The board approved the measure 6-0. Heidi Box Halleman was absent.
Prop G is a bond measure that will allow the school to build a performance gym at the new high school that opened up in January.
With the resolution in place, the district’s bond underwriter, Piper Sandler and Co., has been authorized to price the bonds within specific financial parameters when market conditions are favorable.
Brent Blevins, managing director at Piper and Sandler, addressed the board on April 15 and explained that the current municipal bond market is facing significant volatility, in part due to the impact of tariffs. This instability has resulted in very few bond pricings taking place across the country.
The resolution will allow Piper Sandler to secure the most proceeds at the lowest possible interest rates when the market is conducive. This also allows the company to move quickly when conditions are favorable.
Once pricing is complete, Austin Jones, R-II board president and Dave Mikus, the board secretary, will sign off to complete final pricing.
While the board has granted approval, Piper and Sandler will have the ability to price the bonds at the earliest of May 8. This is due to the requirement that the Missouri State Auditor must first certify the election results 30 days after an election.
In addition, the district will need time to obtain its bond underlying ratings, which play a crucial role in determining the interest rates the district will pay. They have previously received a AA- rating.
Blevins said the district is currently looking at a 4.72 interest rate if they were to sell today.
Blevins expressed confidence in the R-II’s financial standing, telling board members that he does not expect rates to go higher than 6%.
“You’re a highly rated school district. You’re going to get good yields based upon the market,” Blevins said.
The parameters were set higher than what Piper Sandler expects to price the bonds. This is due to market conditions and is seen as a “security blanket.”
With rates moving, the district still can get the $11 million in parts. Blevins did tell the board there is no concern about receiving the money because they have market risk built in.

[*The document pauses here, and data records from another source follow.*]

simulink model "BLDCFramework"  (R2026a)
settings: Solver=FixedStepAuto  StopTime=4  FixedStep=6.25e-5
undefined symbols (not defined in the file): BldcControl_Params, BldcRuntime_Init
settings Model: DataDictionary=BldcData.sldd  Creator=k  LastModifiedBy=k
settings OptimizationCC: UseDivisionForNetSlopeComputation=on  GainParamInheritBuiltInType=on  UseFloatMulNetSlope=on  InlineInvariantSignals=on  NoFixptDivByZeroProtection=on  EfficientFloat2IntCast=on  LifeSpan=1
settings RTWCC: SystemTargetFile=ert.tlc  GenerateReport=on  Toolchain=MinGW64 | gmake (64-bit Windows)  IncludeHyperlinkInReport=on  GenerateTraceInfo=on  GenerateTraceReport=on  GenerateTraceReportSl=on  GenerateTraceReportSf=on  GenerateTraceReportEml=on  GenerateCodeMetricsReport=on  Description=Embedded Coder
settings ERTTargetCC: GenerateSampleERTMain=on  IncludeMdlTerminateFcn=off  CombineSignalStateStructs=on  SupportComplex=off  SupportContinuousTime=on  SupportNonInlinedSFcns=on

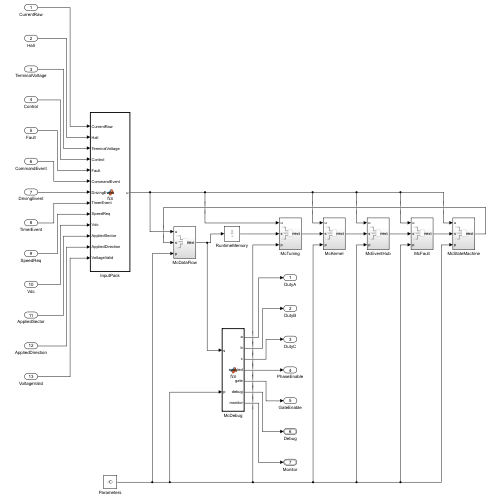
[thumbnail: Simulink's stored preview of the top-level diagram]
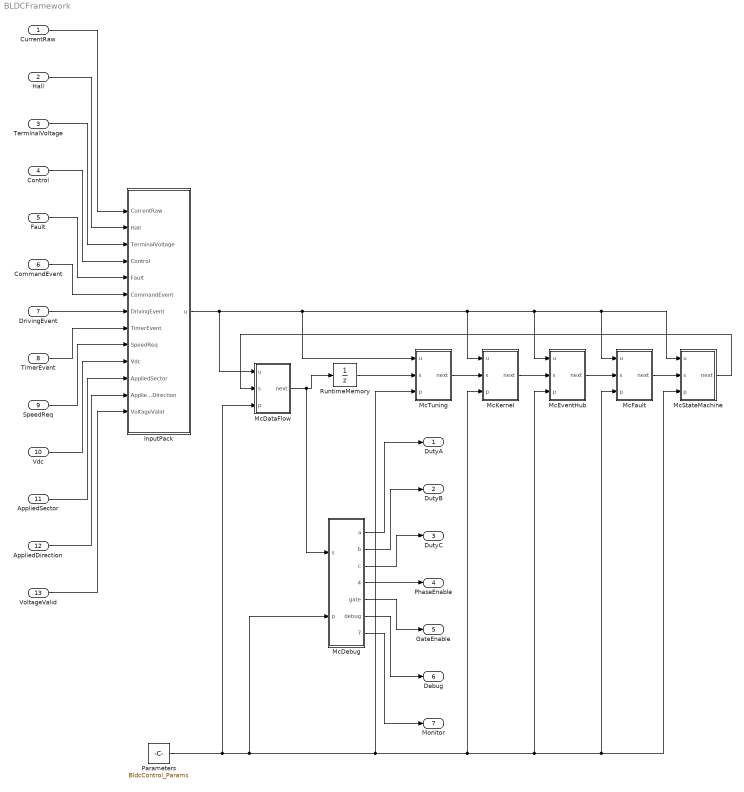
== system BLDCFramework ==
  CurrentRaw : Inport  OutDataTypeStr=uint16  PortDimensions=3  SampleTime=6.25e-5
  Hall : Inport  Port=2  OutDataTypeStr=uint8  PortDimensions=1  SampleTime=6.25e-5
  TerminalVoltage : Inport  Port=3  OutDataTypeStr=single  PortDimensions=3  SampleTime=6.25e-5
  Control : Inport  Port=4  OutDataTypeStr=uint8  PortDimensions=1  SampleTime=6.25e-5
  Fault : Inport  Port=5  OutDataTypeStr=boolean  PortDimensions=1  SampleTime=6.25e-5
  CommandEvent : Inport  Port=6  OutDataTypeStr=boolean  PortDimensions=1  SampleTime=6.25e-5
  DrivingEvent : Inport  Port=7  OutDataTypeStr=boolean  PortDimensions=1  SampleTime=6.25e-5
  TimerEvent : Inport  Port=8  OutDataTypeStr=boolean  PortDimensions=1  SampleTime=6.25e-5
  SpeedReq : Inport  Port=9  OutDataTypeStr=single  PortDimensions=1  SampleTime=6.25e-5
  Vdc : Inport  Port=10  OutDataTypeStr=single  PortDimensions=1  SampleTime=6.25e-5
  AppliedSector : Inport  Port=11  OutDataTypeStr=uint8  PortDimensions=1  SampleTime=6.25e-5
  AppliedDirection : Inport  Port=12  OutDataTypeStr=int8  PortDimensions=1  SampleTime=6.25e-5
  VoltageValid : Inport  Port=13  OutDataTypeStr=boolean  PortDimensions=1  SampleTime=6.25e-5
  InputPack : MATLAB Function  TreatAsAtomicUnit=on
  McDataFlow : Subsystem
  McDebug : MATLAB Function  TreatAsAtomicUnit=on
  McEventHub : Subsystem
  McFault : Subsystem
  McKernel : Subsystem
  McStateMachine : Subsystem
  McTuning : Subsystem
  Parameters : Constant  Value=BldcControl_Params  OutDataTypeStr=Bus: tBldcParams
  RuntimeMemory : UnitDelay  InitialCondition=BldcRuntime_Init  SampleTime=6.25e-5
  DutyA : Outport  OutDataTypeStr=uint16  PortDimensions=1
  DutyB : Outport  Port=2  OutDataTypeStr=uint16  PortDimensions=1
  DutyC : Outport  Port=3  OutDataTypeStr=uint16  PortDimensions=1
  PhaseEnable : Outport  Port=4  OutDataTypeStr=boolean  PortDimensions=3
  GateEnable : Outport  Port=5  OutDataTypeStr=boolean  PortDimensions=1
  Debug : Outport  Port=6  OutDataTypeStr=Bus: tBldcDebug  PortDimensions=1
  Monitor : Outport  Port=7  OutDataTypeStr=Bus: tBldcMonitor  PortDimensions=1
  wires:
  McDebug/7(monitor) -> Monitor/1
  McDebug/6(debug) -> Debug/1
  McDebug/5(gate) -> GateEnable/1
  McDebug/4(enabled) -> PhaseEnable/1
  McDebug/3(c) -> DutyC/1
  McDebug/2(b) -> DutyB/1
  McDebug/1(a) -> DutyA/1
  McDataFlow/1(next) -> McDebug/1(s), RuntimeMemory/1
  McStateMachine/1(next) -> McDataFlow/2(s)
  McFault/1(next) -> McStateMachine/2(s)
  McEventHub/1(next) -> McFault/2(s)
  McKernel/1(next) -> McEventHub/2(s)
  McTuning/1(next) -> McKernel/2(s)
  Parameters/1 -> McStateMachine/3(p), McFault/3(p), McEventHub/3(p), McKernel/3(p), McTuning/3(p), McDebug/2(p), McDataFlow/3(p)
  RuntimeMemory/1 -> McTuning/2(s)
  InputPack/1(u) -> McFault/1(u), McStateMachine/1(u), McEventHub/1(u), McKernel/1(u), McTuning/1(u), McDataFlow/1(u)
  VoltageValid/1 -> InputPack/13(VoltageValid)
  AppliedDirection/1 -> InputPack/12(AppliedDirection)
  AppliedSector/1 -> InputPack/11(AppliedSector)
  Vdc/1 -> InputPack/10(Vdc)
  SpeedReq/1 -> InputPack/9(SpeedReq)
  TimerEvent/1 -> InputPack/8(TimerEvent)
  DrivingEvent/1 -> InputPack/7(DrivingEvent)
  CommandEvent/1 -> InputPack/6(CommandEvent)
  Fault/1 -> InputPack/5(Fault)
  Control/1 -> InputPack/4(Control)
  TerminalVoltage/1 -> InputPack/3(TerminalVoltage)
  Hall/1 -> InputPack/2(Hall)
  CurrentRaw/1 -> InputPack/1(CurrentRaw)

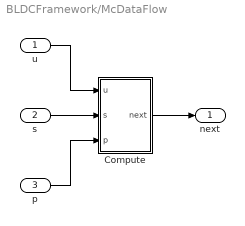
== system BLDCFramework/McDataFlow ==
  u : Inport  OutDataTypeStr=Bus: tBldcInput  PortDimensions=1  SampleTime=6.25e-5
  s : Inport  Port=2  OutDataTypeStr=Bus: tBldcRuntime  PortDimensions=1  SampleTime=6.25e-5
  p : Inport  Port=3  OutDataTypeStr=Bus: tBldcParams  PortDimensions=1  SampleTime=6.25e-5
  Compute : MATLAB Function  TreatAsAtomicUnit=on
  next : Outport  OutDataTypeStr=Bus: tBldcRuntime  PortDimensions=1
  wires:
  Compute/1(next) -> next/1
  p/1 -> Compute/3(p)
  s/1 -> Compute/2(s)
  u/1 -> Compute/1(u)

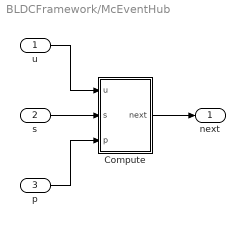
== system BLDCFramework/McEventHub ==
  u : Inport  OutDataTypeStr=Bus: tBldcInput  PortDimensions=1  SampleTime=6.25e-5
  s : Inport  Port=2  OutDataTypeStr=Bus: tBldcRuntime  PortDimensions=1  SampleTime=6.25e-5
  p : Inport  Port=3  OutDataTypeStr=Bus: tBldcParams  PortDimensions=1  SampleTime=6.25e-5
  Compute : MATLAB Function  TreatAsAtomicUnit=on
  next : Outport  OutDataTypeStr=Bus: tBldcRuntime  PortDimensions=1
  wires:
  Compute/1(next) -> next/1
  p/1 -> Compute/3(p)
  s/1 -> Compute/2(s)
  u/1 -> Compute/1(u)

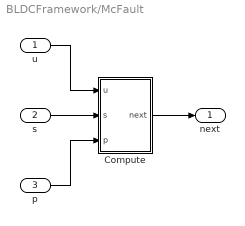
== system BLDCFramework/McFault ==
  u : Inport  OutDataTypeStr=Bus: tBldcInput  PortDimensions=1  SampleTime=6.25e-5
  s : Inport  Port=2  OutDataTypeStr=Bus: tBldcRuntime  PortDimensions=1  SampleTime=6.25e-5
  p : Inport  Port=3  OutDataTypeStr=Bus: tBldcParams  PortDimensions=1  SampleTime=6.25e-5
  Compute : MATLAB Function  TreatAsAtomicUnit=on
  next : Outport  OutDataTypeStr=Bus: tBldcRuntime  PortDimensions=1
  wires:
  Compute/1(next) -> next/1
  p/1 -> Compute/3(p)
  s/1 -> Compute/2(s)
  u/1 -> Compute/1(u)

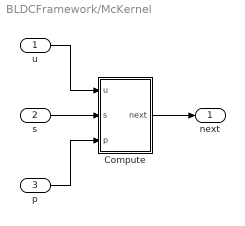
== system BLDCFramework/McKernel ==
  u : Inport  OutDataTypeStr=Bus: tBldcInput  PortDimensions=1  SampleTime=6.25e-5
  s : Inport  Port=2  OutDataTypeStr=Bus: tBldcRuntime  PortDimensions=1  SampleTime=6.25e-5
  p : Inport  Port=3  OutDataTypeStr=Bus: tBldcParams  PortDimensions=1  SampleTime=6.25e-5
  Compute : MATLAB Function  TreatAsAtomicUnit=on
  next : Outport  OutDataTypeStr=Bus: tBldcRuntime  PortDimensions=1
  wires:
  Compute/1(next) -> next/1
  p/1 -> Compute/3(p)
  s/1 -> Compute/2(s)
  u/1 -> Compute/1(u)

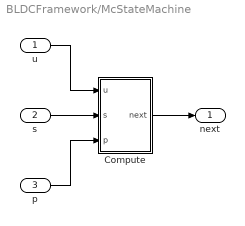
== system BLDCFramework/McStateMachine ==
  u : Inport  OutDataTypeStr=Bus: tBldcInput  PortDimensions=1  SampleTime=6.25e-5
  s : Inport  Port=2  OutDataTypeStr=Bus: tBldcRuntime  PortDimensions=1  SampleTime=6.25e-5
  p : Inport  Port=3  OutDataTypeStr=Bus: tBldcParams  PortDimensions=1  SampleTime=6.25e-5
  Compute : MATLAB Function  TreatAsAtomicUnit=on
  next : Outport  OutDataTypeStr=Bus: tBldcRuntime  PortDimensions=1
  wires:
  Compute/1(next) -> next/1
  p/1 -> Compute/3(p)
  s/1 -> Compute/2(s)
  u/1 -> Compute/1(u)

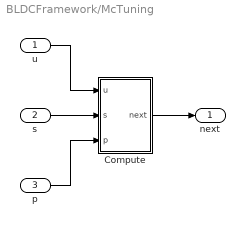
== system BLDCFramework/McTuning ==
  u : Inport  OutDataTypeStr=Bus: tBldcInput  PortDimensions=1  SampleTime=6.25e-5
  s : Inport  Port=2  OutDataTypeStr=Bus: tBldcRuntime  PortDimensions=1  SampleTime=6.25e-5
  p : Inport  Port=3  OutDataTypeStr=Bus: tBldcParams  PortDimensions=1  SampleTime=6.25e-5
  Compute : MATLAB Function  TreatAsAtomicUnit=on
  next : Outport  OutDataTypeStr=Bus: tBldcRuntime  PortDimensions=1
  wires:
  Compute/1(next) -> next/1
  p/1 -> Compute/3(p)
  s/1 -> Compute/2(s)
  u/1 -> Compute/1(u)

== matlab function BLDCFramework/McDebug ==
  data: s input; a output; p input; b output; c output; enabled output; gate output; debug output Bus: tBldcDebug; monitor output Bus: tBldcMonitor
function [a,b,c,enabled,gate,debug,monitor]=fcn(s,p)
%#codegen
[counts,enabled,gate,debug,monitor]=bldc.monitor(s,p);
a=counts(1);b=counts(2);c=counts(3);
end

== matlab function BLDCFramework/InputPack ==
  data: CurrentRaw input; u output Bus: tBldcInput; Hall input; TerminalVoltage input; Control input; Fault input; CommandEvent input; DrivingEvent input; TimerEvent input; SpeedReq input; Vdc input; AppliedSector input; AppliedDirection input; VoltageValid input
function u=fcn(CurrentRaw,Hall,TerminalVoltage,Control,Fault,CommandEvent,DrivingEvent,TimerEvent,SpeedReq,Vdc,AppliedSector,AppliedDirection,VoltageValid)
%#codegen
u.CurrentRaw=CurrentRaw;
u.Hall=Hall;
u.TerminalVoltage=TerminalVoltage;
u.Control=Control;
u.Fault=Fault;
u.CommandEvent=CommandEvent;
u.DrivingEvent=DrivingEvent;
u.TimerEvent=TimerEvent;
u.SpeedReq=SpeedReq;
u.Vdc=Vdc;
u.AppliedSector=AppliedSector;
u.AppliedDirection=AppliedDirection;
u.VoltageValid=VoltageValid;
end

== matlab function BLDCFramework/McTuning/Compute ==
  data: u input; next output Bus: tBldcRuntime; s input; p input
function next=fcn(u,s,p)
%#codegen
next=bldc.tuning(u,s,p);
end

== matlab function BLDCFramework/McKernel/Compute ==
  data: u input; next output Bus: tBldcRuntime; s input; p input
function next=fcn(u,s,p)
%#codegen
next=bldc.kernel(u,s,p);
end

== matlab function BLDCFramework/McEventHub/Compute ==
  data: u input; next output Bus: tBldcRuntime; s input; p input
function next=fcn(u,s,p)
%#codegen
next=bldc.event_hub(u,s,p);
end

== matlab function BLDCFramework/McFault/Compute ==
  data: u input; next output Bus: tBldcRuntime; s input; p input
function next=fcn(u,s,p)
%#codegen
next=bldc.protection(u,s,p);
end

== matlab function BLDCFramework/McStateMachine/Compute ==
  data: u input; next output Bus: tBldcRuntime; s input; p input
function next=fcn(u,s,p)
%#codegen
next=bldc.supervisor(u,s,p);
end

== matlab function BLDCFramework/McDataFlow/Compute ==
  data: u input; next output Bus: tBldcRuntime; s input; p input
function next=fcn(u,s,p)
%#codegen
next=bldc.dataflow(u,s,p);
end

Within the parameters, Piper Sandler, can price bonds based on six conditions. One condition says the interest rates cannot exceed 6%, while another says the bond's maturity, also known as the payment schedule, must last at least 10 years and not exceed 19.
In cohesion with that condition, the maturity of the bonds cannot be any later than March 1, 2040. In addition, the underwriting discount cannot exceed $7.50 per $1,000.
Lastly, the bonds can be subject to redemption if the district chooses to do so at its stated maturity no later than March 1, 2035, with a redemption price that cannot exceed 100%.
A time frame for the gym’s construction has not been finalized.